Społeczność Steam nagrodziła CD Projekt RED i przyznała Cyberpunkowi 2077 statuetkę „Owoc Miłości”. Nie wszyscy gracze zgadzają się z opinią entuzjastów Night City i zaczęli krytykować wydarzenie oraz samą pracę polskiego studia.
Cyberpunk 2077 został nagrodzony, ponieważ produkcja otrzymała duże wsparcie od CD Projekt RED – studio przygotowało wiele aktualizacji, które znacząco poprawiły jakość tytułu. To gracze wybrali tytuł Polaków i przygoda V wygrała z między innymi No Man’s Sky, Dotą 2 czy też Deep Rock Galactic.
Sytuacja jednak nie spodobała się niektórym graczom, którzy uważają, że Cyberpunk 2077 nigdy nie powinien otrzymać statuetki Owoc Miłości – zainteresowani zaczęli wystawiać grze negatywne recenzje na Steam.
Społeczność uważa, że Cyberpunk 2077 wygrał nagrodę wyłącznie przez „Cyberpunk Edgerunners”, czyli serial anime, który zachwycił wielu widzów i w pewien sposób pomógł zapomnieć o początkowych problemach gry.

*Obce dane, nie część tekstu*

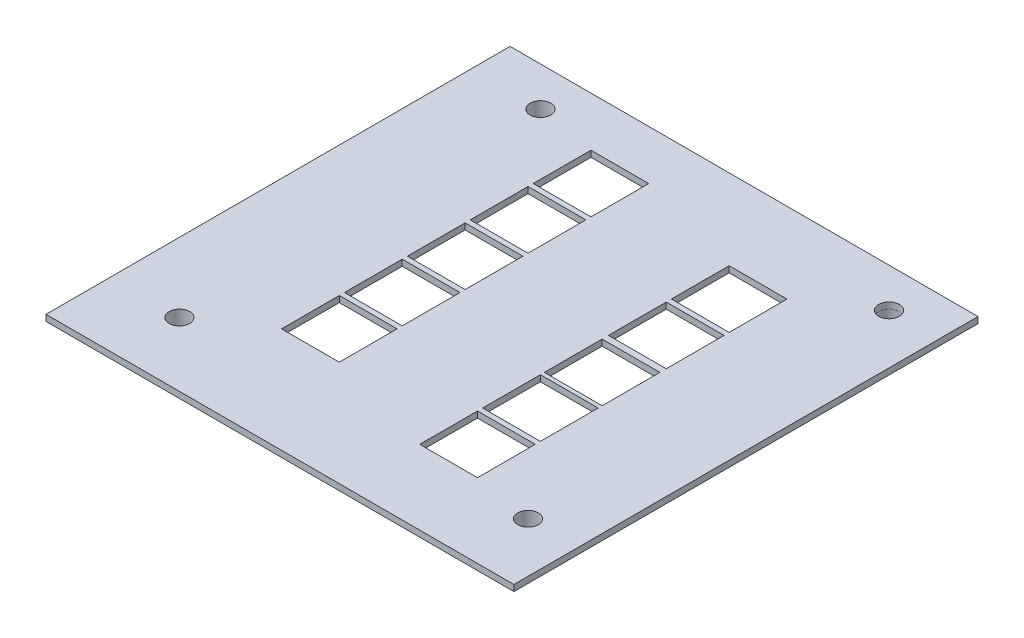
from build123d import *

# Parameters (mm, degrees)
SKETCH_1_W      = 45.369381955
SKETCH_1_H      = 45
SKETCH_1_R      = 1
SKETCH_1_W_2    = 5.6
SKETCH_1_H_2    = 5.6
EXTRUDE_1_DEPTH = 0.6
SKETCH_2_R      = 3.5
SKETCH_2_R_2    = 1
SKETCH_2_R_3    = 0.994011389
EXTRUDE_2_DEPTH = 1


with BuildPart() as part:
    # Эскиз1 → Бобышка-Вытянуть1 (new body)
    with BuildSketch(Plane(origin=(0, 0, 0), x_dir=(1, 0, 0), z_dir=(0, 1, 0))):
        with Locations((22.684690978, 22.5)):
            Rectangle(SKETCH_1_W, SKETCH_1_H)
        with Locations((6.737781955, 41.202537594)):
            Circle(SKETCH_1_R, mode=Mode.SUBTRACT)
        with Locations((40.537781955, 41.202537594)):
            Circle(SKETCH_1_R, mode=Mode.SUBTRACT)
        with Locations((40.537781955, 6.202537594)):
            Circle(SKETCH_1_R, mode=Mode.SUBTRACT)
        with Locations((6.737781955, 6.202537594)):
            Circle(SKETCH_1_R, mode=Mode.SUBTRACT)
        with Locations((15.437781955, 37.402537594)):
            Rectangle(SKETCH_1_W_2, SKETCH_1_H_2, mode=Mode.SUBTRACT)
        with Locations((15.437781955, 31.302537594)):
            Rectangle(SKETCH_1_W_2, SKETCH_1_H_2, mode=Mode.SUBTRACT)
        with Locations((15.437781955, 25.202537594)):
            Rectangle(SKETCH_1_W_2, SKETCH_1_H_2, mode=Mode.SUBTRACT)
        with Locations((15.437781955, 19.102537594)):
            Rectangle(SKETCH_1_W_2, SKETCH_1_H_2, mode=Mode.SUBTRACT)
        with Locations((15.437781955, 13.002237594)):
            Rectangle(SKETCH_1_W_2, SKETCH_1_H_2, mode=Mode.SUBTRACT)
        with Locations((31.837781955, 10.002237594)):
            Rectangle(SKETCH_1_W_2, SKETCH_1_H_2, mode=Mode.SUBTRACT)
        with Locations((31.837781955, 16.102237594)):
            Rectangle(SKETCH_1_W_2, SKETCH_1_H_2, mode=Mode.SUBTRACT)
        with Locations((31.837781955, 22.087504722)):
            Rectangle(SKETCH_1_W_2, SKETCH_1_H_2, mode=Mode.SUBTRACT)
        with Locations((31.837781955, 28.302237594)):
            Rectangle(SKETCH_1_W_2, SKETCH_1_H_2, mode=Mode.SUBTRACT)
        with Locations((31.837781955, 34.402237594)):
            Rectangle(SKETCH_1_W_2, SKETCH_1_H_2, mode=Mode.SUBTRACT)
    extrude(amount=EXTRUDE_1_DEPTH)

    # Эскиз2 → Бобышка-Вытянуть2 (add)
    with BuildSketch(Plane.XZ):
        with Locations((6.737781955, -6.202537594)):
            Circle(SKETCH_2_R)
        with Locations((6.737781955, -6.202537594)):
            Circle(SKETCH_2_R_2, mode=Mode.SUBTRACT)
        with Locations((40.537781955, -6.202537594)):
            Circle(SKETCH_2_R)
        with Locations((40.537781955, -6.202537594)):
            Circle(SKETCH_2_R_2, mode=Mode.SUBTRACT)
        with Locations((40.537781955, -41.202537594)):
            Circle(SKETCH_2_R)
        with Locations((40.537781955, -41.202537594)):
            Circle(SKETCH_2_R_3, mode=Mode.SUBTRACT)
        with Locations((6.737781955, -41.202537594)):
            Circle(SKETCH_2_R)
        with Locations((6.737781955, -41.202537594)):
            Circle(SKETCH_2_R_2, mode=Mode.SUBTRACT)
    extrude(amount=EXTRUDE_2_DEPTH)


solid = part.part

„Szokujące, jak porządna animowana adaptacja może oszukać tak wiele osób, że materiał źródłowy jest wart odpuszczenia, a co dopiero nagrodzenia go jako ‘Owoc Miłości’”.
„Ta produkcja wygrała Owoc Miłości z powodu serialu i niczego innego. [Gra] otrzymała 0 nowej zawartości w ciągu 2 lat w porównaniu do dosłownie każdego z pozostałych nominowanych”.
„Cyberpunk Edgerunners nie zrobił z tego dobrej gry”.
Podobnych opinii znajdziecie znacznie więcej, a gracze oskarżają… w zasadzie innych graczy. Społeczność Steam podkreśla, że Cyberpunk 2077 nie otrzymał wielu nowych i bezpłatnych dodatków jak przykładowo No Man’s Sky, a po prostu na platformie Netflix pojawiło się kapitalne anime, które sprawiło, że gracze chętnie zagłosowali na tytuł Polaków.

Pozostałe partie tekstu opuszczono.